Novel Gelatin & Alginate Based Tissue Bioadhesives Loaded with Antibiotic Drug - ISMBE 2016 - Biomedical Engineering 2016, International Convention Center Haifa, 24.2.2016

Maytal Foox ¹ Anat Kaufman ¹ Yehuda Ullmann ^2,3 Israela Berdicevsky ² Ayelet Raz-Pasteur ⁴ Aviad Keren ^2,3 Esti Cohen ³ Nira Goldstein ³ Meital Zilberman ¹

¹Department of Biomedical Engineering, Faculty of Engineering,, Tel Aviv University
²Faculty of Medicine, Technion – Israel Institute of Technology
³3Dept. of Plastic Surgery, RAMBAM Medical Center
⁴Department of Internal Medicine A, RAMBAM Health Care Campus

Tissue bioadhesive have raised interest in the last few decades as an alternative to sutures or staples in closing simple traumatic lacerations due to various advantages. They are less time consuming, less painful and can be less expensive, without compromising the cosmetic outcome.
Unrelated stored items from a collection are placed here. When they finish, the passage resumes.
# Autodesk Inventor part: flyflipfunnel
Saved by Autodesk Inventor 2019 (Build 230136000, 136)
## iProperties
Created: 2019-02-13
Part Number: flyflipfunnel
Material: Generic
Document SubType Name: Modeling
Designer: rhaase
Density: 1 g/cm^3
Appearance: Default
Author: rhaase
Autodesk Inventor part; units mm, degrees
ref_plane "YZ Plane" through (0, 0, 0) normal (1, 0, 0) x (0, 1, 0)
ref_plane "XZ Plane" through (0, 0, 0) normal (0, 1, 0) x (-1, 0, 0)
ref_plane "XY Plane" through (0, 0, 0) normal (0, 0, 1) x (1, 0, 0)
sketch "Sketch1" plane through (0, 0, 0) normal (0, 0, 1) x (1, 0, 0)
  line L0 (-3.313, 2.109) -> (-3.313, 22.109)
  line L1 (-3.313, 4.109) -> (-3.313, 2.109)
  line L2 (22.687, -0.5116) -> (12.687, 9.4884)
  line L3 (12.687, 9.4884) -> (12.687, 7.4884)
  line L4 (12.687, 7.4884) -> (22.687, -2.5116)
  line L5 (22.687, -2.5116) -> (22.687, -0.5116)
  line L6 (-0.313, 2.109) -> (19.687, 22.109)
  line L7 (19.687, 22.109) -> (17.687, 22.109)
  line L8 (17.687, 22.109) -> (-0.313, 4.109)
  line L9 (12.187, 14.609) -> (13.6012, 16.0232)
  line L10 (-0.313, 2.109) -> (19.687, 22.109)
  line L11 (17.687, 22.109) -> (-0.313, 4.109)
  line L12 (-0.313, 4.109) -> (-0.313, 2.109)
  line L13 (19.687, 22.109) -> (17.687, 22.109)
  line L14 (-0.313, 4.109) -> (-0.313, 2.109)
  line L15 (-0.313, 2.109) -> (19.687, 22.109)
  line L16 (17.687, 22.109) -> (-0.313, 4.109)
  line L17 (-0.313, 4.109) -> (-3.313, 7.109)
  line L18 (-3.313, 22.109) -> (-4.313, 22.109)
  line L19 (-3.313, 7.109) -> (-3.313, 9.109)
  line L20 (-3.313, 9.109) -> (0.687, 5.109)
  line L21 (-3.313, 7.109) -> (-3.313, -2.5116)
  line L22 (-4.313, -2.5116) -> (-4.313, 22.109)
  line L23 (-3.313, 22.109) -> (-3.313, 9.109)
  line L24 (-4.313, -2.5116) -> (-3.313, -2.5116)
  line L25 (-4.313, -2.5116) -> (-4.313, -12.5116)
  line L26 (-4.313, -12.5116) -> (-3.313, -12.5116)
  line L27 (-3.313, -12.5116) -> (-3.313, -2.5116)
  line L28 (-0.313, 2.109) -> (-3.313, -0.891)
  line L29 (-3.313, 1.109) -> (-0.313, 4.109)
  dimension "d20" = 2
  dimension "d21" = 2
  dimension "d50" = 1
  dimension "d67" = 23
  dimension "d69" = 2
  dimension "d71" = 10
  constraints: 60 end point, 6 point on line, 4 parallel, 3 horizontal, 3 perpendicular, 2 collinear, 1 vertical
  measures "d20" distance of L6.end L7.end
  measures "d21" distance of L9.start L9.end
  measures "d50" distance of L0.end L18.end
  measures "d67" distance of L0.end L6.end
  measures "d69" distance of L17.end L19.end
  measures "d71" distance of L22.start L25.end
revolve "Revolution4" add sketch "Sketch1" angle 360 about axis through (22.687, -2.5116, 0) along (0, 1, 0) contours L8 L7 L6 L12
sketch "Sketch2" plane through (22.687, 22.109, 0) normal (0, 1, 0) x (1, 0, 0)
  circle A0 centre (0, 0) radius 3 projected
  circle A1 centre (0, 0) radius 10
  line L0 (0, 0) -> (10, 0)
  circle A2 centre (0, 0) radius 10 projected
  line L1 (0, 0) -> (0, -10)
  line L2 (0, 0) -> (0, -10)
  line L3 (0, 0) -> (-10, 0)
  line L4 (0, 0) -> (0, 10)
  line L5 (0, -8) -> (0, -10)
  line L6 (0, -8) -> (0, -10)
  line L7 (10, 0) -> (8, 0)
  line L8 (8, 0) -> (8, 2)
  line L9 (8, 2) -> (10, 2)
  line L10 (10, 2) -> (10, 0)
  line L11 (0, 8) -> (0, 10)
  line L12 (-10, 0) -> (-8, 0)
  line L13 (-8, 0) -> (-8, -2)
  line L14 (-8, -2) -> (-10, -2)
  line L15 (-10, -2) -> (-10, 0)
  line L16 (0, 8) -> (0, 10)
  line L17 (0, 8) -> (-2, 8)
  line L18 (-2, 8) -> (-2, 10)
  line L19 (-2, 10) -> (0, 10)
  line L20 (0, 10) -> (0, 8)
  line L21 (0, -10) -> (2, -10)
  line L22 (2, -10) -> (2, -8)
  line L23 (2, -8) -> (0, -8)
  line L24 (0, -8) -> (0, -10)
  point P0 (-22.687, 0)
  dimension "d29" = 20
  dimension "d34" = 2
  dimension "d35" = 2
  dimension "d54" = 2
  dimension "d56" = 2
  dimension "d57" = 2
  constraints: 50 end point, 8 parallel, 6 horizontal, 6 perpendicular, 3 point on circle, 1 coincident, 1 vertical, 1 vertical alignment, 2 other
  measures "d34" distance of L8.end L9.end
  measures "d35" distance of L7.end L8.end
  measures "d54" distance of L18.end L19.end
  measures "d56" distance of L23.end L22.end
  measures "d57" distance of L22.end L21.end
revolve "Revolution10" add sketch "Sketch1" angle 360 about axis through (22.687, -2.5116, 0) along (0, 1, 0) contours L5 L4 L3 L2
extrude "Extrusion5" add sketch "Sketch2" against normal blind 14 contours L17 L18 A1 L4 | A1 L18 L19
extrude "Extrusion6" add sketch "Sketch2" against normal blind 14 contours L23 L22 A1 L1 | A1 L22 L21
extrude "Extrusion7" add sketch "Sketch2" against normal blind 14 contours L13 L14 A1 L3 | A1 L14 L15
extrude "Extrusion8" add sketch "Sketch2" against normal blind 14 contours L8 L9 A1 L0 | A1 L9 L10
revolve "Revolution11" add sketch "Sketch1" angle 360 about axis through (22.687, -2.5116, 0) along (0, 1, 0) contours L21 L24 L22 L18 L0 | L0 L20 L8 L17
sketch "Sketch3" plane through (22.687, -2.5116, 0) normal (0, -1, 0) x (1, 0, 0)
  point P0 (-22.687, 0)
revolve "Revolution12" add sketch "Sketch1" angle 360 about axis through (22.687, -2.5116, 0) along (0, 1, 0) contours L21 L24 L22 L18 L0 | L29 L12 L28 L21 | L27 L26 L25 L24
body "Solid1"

However, most of the approved bioadhesives are either too toxic or obtain weak bonding strength to the tissue. Novel bioadhesives comprised of gelatin and alginate, crosslinked with carbodiimide, were developed by us. N-hydroxysuccinimide was added to the crosslinking reaction to enable a decrease in the crosslinker content without decreasing the bonding strength. The incorporation of clindamycin, an antibiotic drug, was found to improve the bonding strength. The release profile was fast and highly effective against two relevant bacterial strains. The drug release mechanism is probably based on diffusion and enhanced by swelling, due to the hydrophilic nature of the gelatin-alginate matrix. Good cytotoxicity results were found and excellent in-vivo results were obtained using a porcine model. We therefore believe that our novel gelatin-alginate bioadhesives are of high potential for use in wound closing applications.